Raw data:
----------
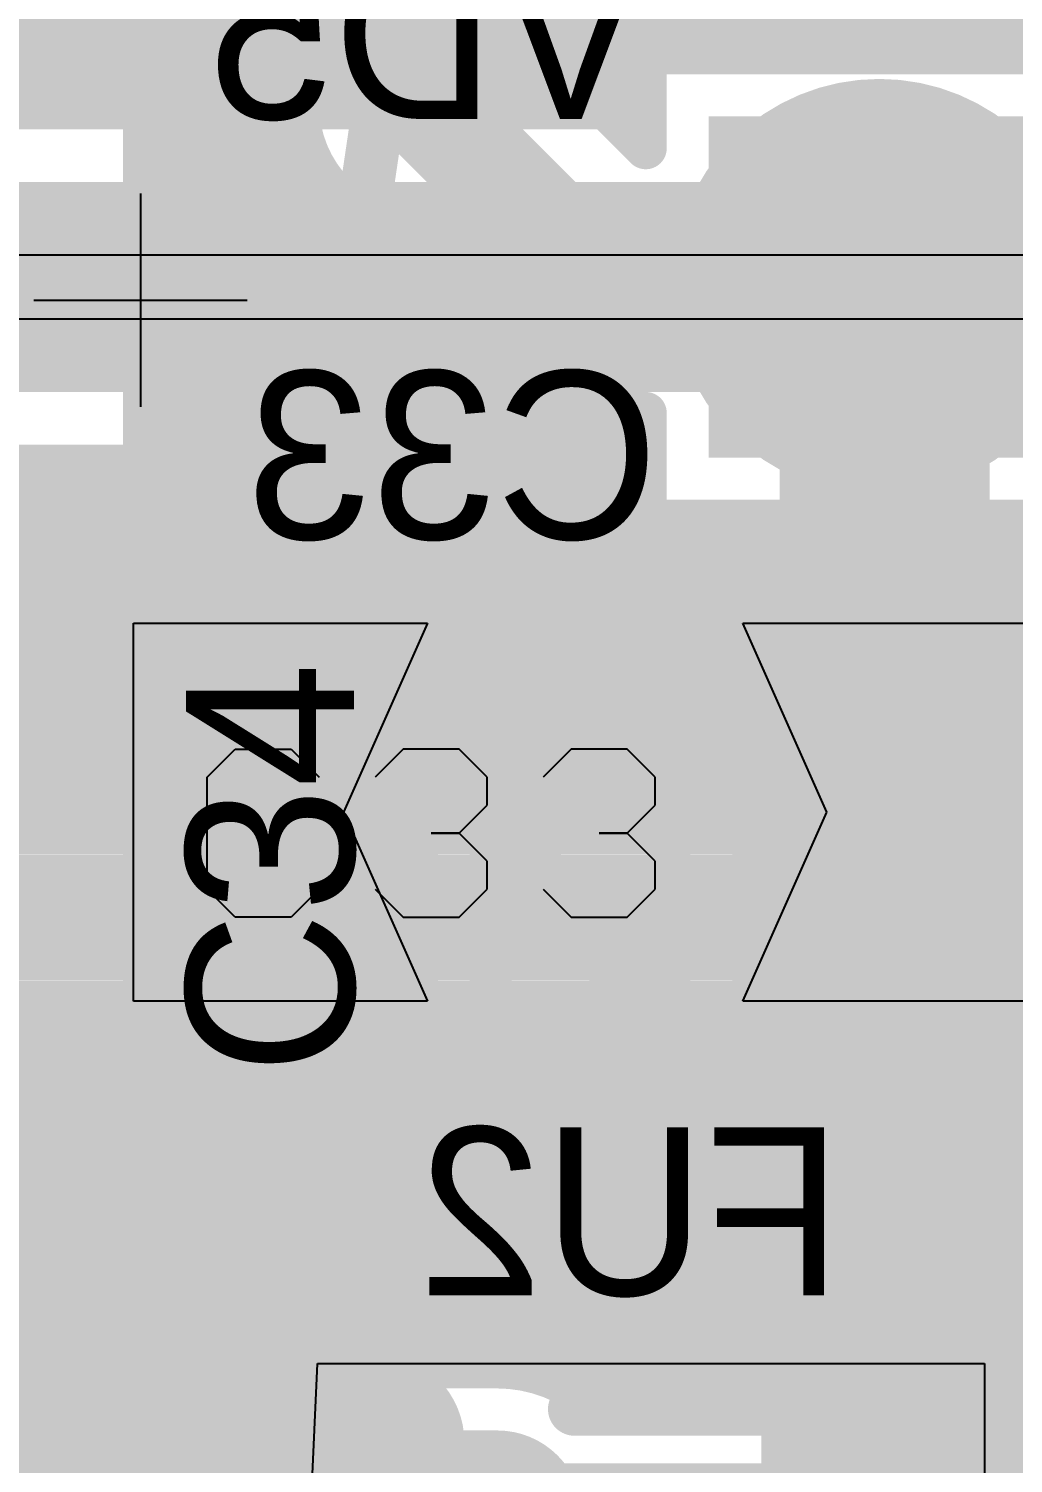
# Model space of a CAD drawing. Header units: millimetres. Extents: x 0.11 to 5.67, y 0.55 to 4.24.
# Drawn here: x 1.4843 to 1.6688, y 1.0699 to 1.3388 of the extents above; entities that cross this region are included whole.
import ezdxf

# ---------------------------------------------------------------- set-up
doc = ezdxf.new("R2010")
doc.units = ezdxf.units.MM
doc.header["$MEASUREMENT"] = 0
for name, color, linetype in [('BottomLayer', 5, 'Continuous'), ('BottomOverlay', 54, 'Continuous'), ('BottomPaste', 16, 'Continuous'), ('BottomSolder', 6, 'Continuous'), ('InternalPlane1', 76, 'Continuous'), ('InternalPlane2', 16, 'Continuous'), ('Mechanical3', 76, 'Continuous'), ('MultiLayer', 9, 'Continuous'), ('PadHoleLayer', 156, 'Continuous'), ('TopLayer', 1, 'Continuous'), ('TopOverlay', 2, 'Continuous'), ('TopPaste', 8, 'Continuous'), ('TopSolder', 216, 'Continuous'), ('ViaHoleLayer', 16, 'Continuous')]:
    doc.layers.add(name, color=color, linetype=linetype)

# ---------------------------------------------------------------- blocks, each defined once
blk = doc.blocks.new('SOT_23_123__86')
at = {"layer": 'Mechanical3'}
for p, q in [((-0.04429, 0.01967), (-0.04429, -0.00132)), ((-0.0233, -0.00132), (-0.0233, 0.01967)), ((-0.01281, 0.01967), (-0.01281, -0.01181)), ((0.00294, 0.01967), (-0.01281, 0.01967)), ((0.00819, 0.01443), (0.00294, 0.01967)), ((0.02393, 0.01967), (0.01868, 0.01443)), ((0.03442, 0.01967), (0.02393, 0.01967)), ((0.03967, 0.01443), (0.03442, 0.01967)), ((0.00819, -0.00656), (0.00819, 0.01443)), ((0.03967, 0.00918), (0.03967, 0.01443)), ((0.01868, -0.01181), (0.03967, 0.00918)), ((-0.04429, -0.00132), (-0.0338, -0.01181)), ((-0.0338, -0.01181), (-0.0233, -0.00132)), ((0.00294, -0.01181), (0.00819, -0.00656)), ((-0.01281, -0.01181), (0.00294, -0.01181)), ((0.03967, -0.01181), (0.01868, -0.01181))]:
    blk.add_line(p, q, dxfattribs=at)
at = {"layer": 'TopLayer', "const_width": 0.02807}
for points in [[(0.03027, 0.03866), (0.06125, 0.03866)], [(-0.06073, -0.00134), (-0.02975, -0.00134)], [(0.03027, -0.04134), (0.06125, -0.04134)]]:
    blk.add_lwpolyline(points, dxfattribs=at)
at = {"layer": 'TopLayer', "const_width": 0.01404}
for points in [[(0.02325, 0.03866, 1), (0.03729, 0.03866, 1)], [(0.05423, 0.03866, 1), (0.06827, 0.03866, 1)], [(-0.06775, -0.00134, 1), (-0.05371, -0.00134, 1)], [(-0.03677, -0.00134, 1), (-0.02273, -0.00134, 1)], [(0.02325, -0.04134, 1), (0.03729, -0.04134, 1)], [(0.05423, -0.04134, 1), (0.06827, -0.04134, 1)]]:
    blk.add_lwpolyline(points, format="xyb", close=True, dxfattribs=at)
at = {"layer": 'TopOverlay', "const_width": 0.01}
for points in [[(-0.02424, 0.05866), (-0.02424, 0.02866)], [(0.01576, 0.05866), (-0.02424, 0.05866)], [(0.02576, 0.00866), (0.02576, -0.01134)], [(-0.02424, -0.03134), (-0.02424, -0.06134)], [(0.01576, -0.06134), (-0.02424, -0.06134)]]:
    blk.add_lwpolyline(points, dxfattribs=at)
at = {"layer": 'TopOverlay', "const_width": 0.005}
for points in [[(-0.02674, 0.05866, 1), (-0.02174, 0.05866, 1)], [(-0.02674, 0.05866, 1), (-0.02174, 0.05866, 1)], [(0.01326, 0.05866, 1), (0.01826, 0.05866, 1)], [(-0.02674, 0.02866, 1), (-0.02174, 0.02866, 1)], [(0.02326, 0.00866, 1), (0.02826, 0.00866, 1)], [(0.02326, -0.01134, 1), (0.02826, -0.01134, 1)], [(-0.02674, -0.03134, 1), (-0.02174, -0.03134, 1)], [(-0.02674, -0.06134, 1), (-0.02174, -0.06134, 1)], [(-0.02674, -0.06134, 1), (-0.02174, -0.06134, 1)], [(0.01326, -0.06134, 1), (0.01826, -0.06134, 1)]]:
    blk.add_lwpolyline(points, format="xyb", close=True, dxfattribs=at)
at = {"layer": 'TopPaste', "const_width": 0.02807}
for points in [[(0.03027, 0.03866), (0.06125, 0.03866)], [(-0.06073, -0.00134), (-0.02975, -0.00134)], [(0.03027, -0.04134), (0.06125, -0.04134)]]:
    blk.add_lwpolyline(points, dxfattribs=at)
at = {"layer": 'TopPaste', "const_width": 0.01404}
for points in [[(0.02325, 0.03866, 1), (0.03729, 0.03866, 1)], [(0.05423, 0.03866, 1), (0.06827, 0.03866, 1)], [(-0.06775, -0.00134, 1), (-0.05371, -0.00134, 1)], [(-0.03677, -0.00134, 1), (-0.02273, -0.00134, 1)], [(0.02325, -0.04134, 1), (0.03729, -0.04134, 1)], [(0.05423, -0.04134, 1), (0.06827, -0.04134, 1)]]:
    blk.add_lwpolyline(points, format="xyb", close=True, dxfattribs=at)
at = {"layer": 'TopSolder', "const_width": 0.03201}
for points in [[(0.03027, 0.03866), (0.06125, 0.03866)], [(-0.06073, -0.00134), (-0.02975, -0.00134)], [(0.03027, -0.04134), (0.06125, -0.04134)]]:
    blk.add_lwpolyline(points, dxfattribs=at)
at = {"layer": 'TopSolder', "const_width": 0.016}
for points in [[(0.02227, 0.03866, 1), (0.03827, 0.03866, 1)], [(0.05325, 0.03866, 1), (0.06925, 0.03866, 1)], [(-0.06873, -0.00134, 1), (-0.05273, -0.00134, 1)], [(-0.03775, -0.00134, 1), (-0.02175, -0.00134, 1)], [(0.02227, -0.04134, 1), (0.03827, -0.04134, 1)], [(0.05325, -0.04134, 1), (0.06925, -0.04134, 1)]]:
    blk.add_lwpolyline(points, format="xyb", close=True, dxfattribs=at)
blk = doc.blocks.new('RC1210_B_187')
at = {"layer": 'BottomLayer', "const_width": 0.01476}
for points in [[(-0.08514, 0.04035, 1), (-0.07037, 0.04035, 1)], [(-0.05561, 0.04035, 1), (-0.04085, 0.04035, 1)], [(0.04085, 0.04035, 1), (0.05561, 0.04035, 1)], [(0.07037, 0.04035, 1), (0.08514, 0.04035, 1)], [(-0.08514, -0.04035, 1), (-0.07037, -0.04035, 1)], [(-0.05561, -0.04035, 1), (-0.04085, -0.04035, 1)], [(0.04085, -0.04035, 1), (0.05561, -0.04035, 1)], [(0.07037, -0.04035, 1), (0.08514, -0.04035, 1)]]:
    blk.add_lwpolyline(points, format="xyb", close=True, dxfattribs=at)
at = {"layer": 'BottomLayer'}
for points in [[(-0.07776, 0.05512), (-0.07776, -0.05512), (-0.04823, 0.05512), (-0.04823, -0.05512)], [(0.04823, 0.05512), (0.04823, -0.05512), (0.07776, 0.05512), (0.07776, -0.05512)], [(-0.09252, 0.04035), (-0.09252, -0.04035), (-0.03346, 0.04035), (-0.03346, -0.04035)], [(0.03346, 0.04035), (0.03346, -0.04035), (0.09252, 0.04035), (0.09252, -0.04035)]]:
    blk.add_solid(points, dxfattribs=at)
at = {"layer": 'BottomOverlay', "const_width": 0.00787}
for points in [[(0.01772, 0.05512), (-0.01772, 0.05512)], [(0.01772, -0.05512), (-0.01772, -0.05512)]]:
    blk.add_lwpolyline(points, dxfattribs=at)
at = {"layer": 'BottomOverlay', "const_width": 0.00394}
for points in [[(-0.01969, 0.05512, 1), (-0.01575, 0.05512, 1)], [(0.01575, 0.05512, 1), (0.01969, 0.05512, 1)], [(-0.01969, -0.05512, 1), (-0.01575, -0.05512, 1)], [(0.01575, -0.05512, 1), (0.01969, -0.05512, 1)]]:
    blk.add_lwpolyline(points, format="xyb", close=True, dxfattribs=at)
at = {"layer": 'BottomPaste', "const_width": 0.01476}
for points in [[(-0.08514, 0.04035, 1), (-0.07037, 0.04035, 1)], [(-0.05561, 0.04035, 1), (-0.04085, 0.04035, 1)], [(0.04085, 0.04035, 1), (0.05561, 0.04035, 1)], [(0.07037, 0.04035, 1), (0.08514, 0.04035, 1)], [(-0.08514, -0.04035, 1), (-0.07037, -0.04035, 1)], [(-0.05561, -0.04035, 1), (-0.04085, -0.04035, 1)], [(0.04085, -0.04035, 1), (0.05561, -0.04035, 1)], [(0.07037, -0.04035, 1), (0.08514, -0.04035, 1)]]:
    blk.add_lwpolyline(points, format="xyb", close=True, dxfattribs=at)
at = {"layer": 'BottomPaste'}
for points in [[(-0.07776, 0.05512), (-0.07776, -0.05512), (-0.04823, 0.05512), (-0.04823, -0.05512)], [(0.04823, 0.05512), (0.04823, -0.05512), (0.07776, 0.05512), (0.07776, -0.05512)], [(-0.09252, 0.04035), (-0.09252, -0.04035), (-0.03346, 0.04035), (-0.03346, -0.04035)], [(0.03346, 0.04035), (0.03346, -0.04035), (0.09252, 0.04035), (0.09252, -0.04035)]]:
    blk.add_solid(points, dxfattribs=at)
at = {"layer": 'BottomSolder', "const_width": 0.01673}
for points in [[(-0.08612, 0.04035, 1), (-0.06939, 0.04035, 1)], [(-0.05659, 0.04035, 1), (-0.03986, 0.04035, 1)], [(0.03986, 0.04035, 1), (0.05659, 0.04035, 1)], [(0.06939, 0.04035, 1), (0.08612, 0.04035, 1)], [(-0.08612, -0.04035, 1), (-0.06939, -0.04035, 1)], [(-0.05659, -0.04035, 1), (-0.03986, -0.04035, 1)], [(0.03986, -0.04035, 1), (0.05659, -0.04035, 1)], [(0.06939, -0.04035, 1), (0.08612, -0.04035, 1)]]:
    blk.add_lwpolyline(points, format="xyb", close=True, dxfattribs=at)
at = {"layer": 'BottomSolder'}
for points in [[(-0.07776, 0.05709), (-0.07776, -0.05709), (-0.04823, 0.05709), (-0.04823, -0.05709)], [(0.04823, 0.05709), (0.04823, -0.05709), (0.07776, 0.05709), (0.07776, -0.05709)], [(-0.09449, 0.04035), (-0.09449, -0.04035), (-0.0315, 0.04035), (-0.0315, -0.04035)], [(0.0315, 0.04035), (0.0315, -0.04035), (0.09449, 0.04035), (0.09449, -0.04035)]]:
    blk.add_solid(points, dxfattribs=at)
at = {"layer": 'Mechanical3'}
for p, q in [((-0.08858, -0.00393), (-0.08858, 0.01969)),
----------
Work instructions:
All lines above containing the string "blocks": copy each one.

Answer to the exercise:
# ---------------------------------------------------------------- blocks, each defined once
blk = doc.blocks.new('SOT_23_123__86')
blk = doc.blocks.new('RC1210_B_187')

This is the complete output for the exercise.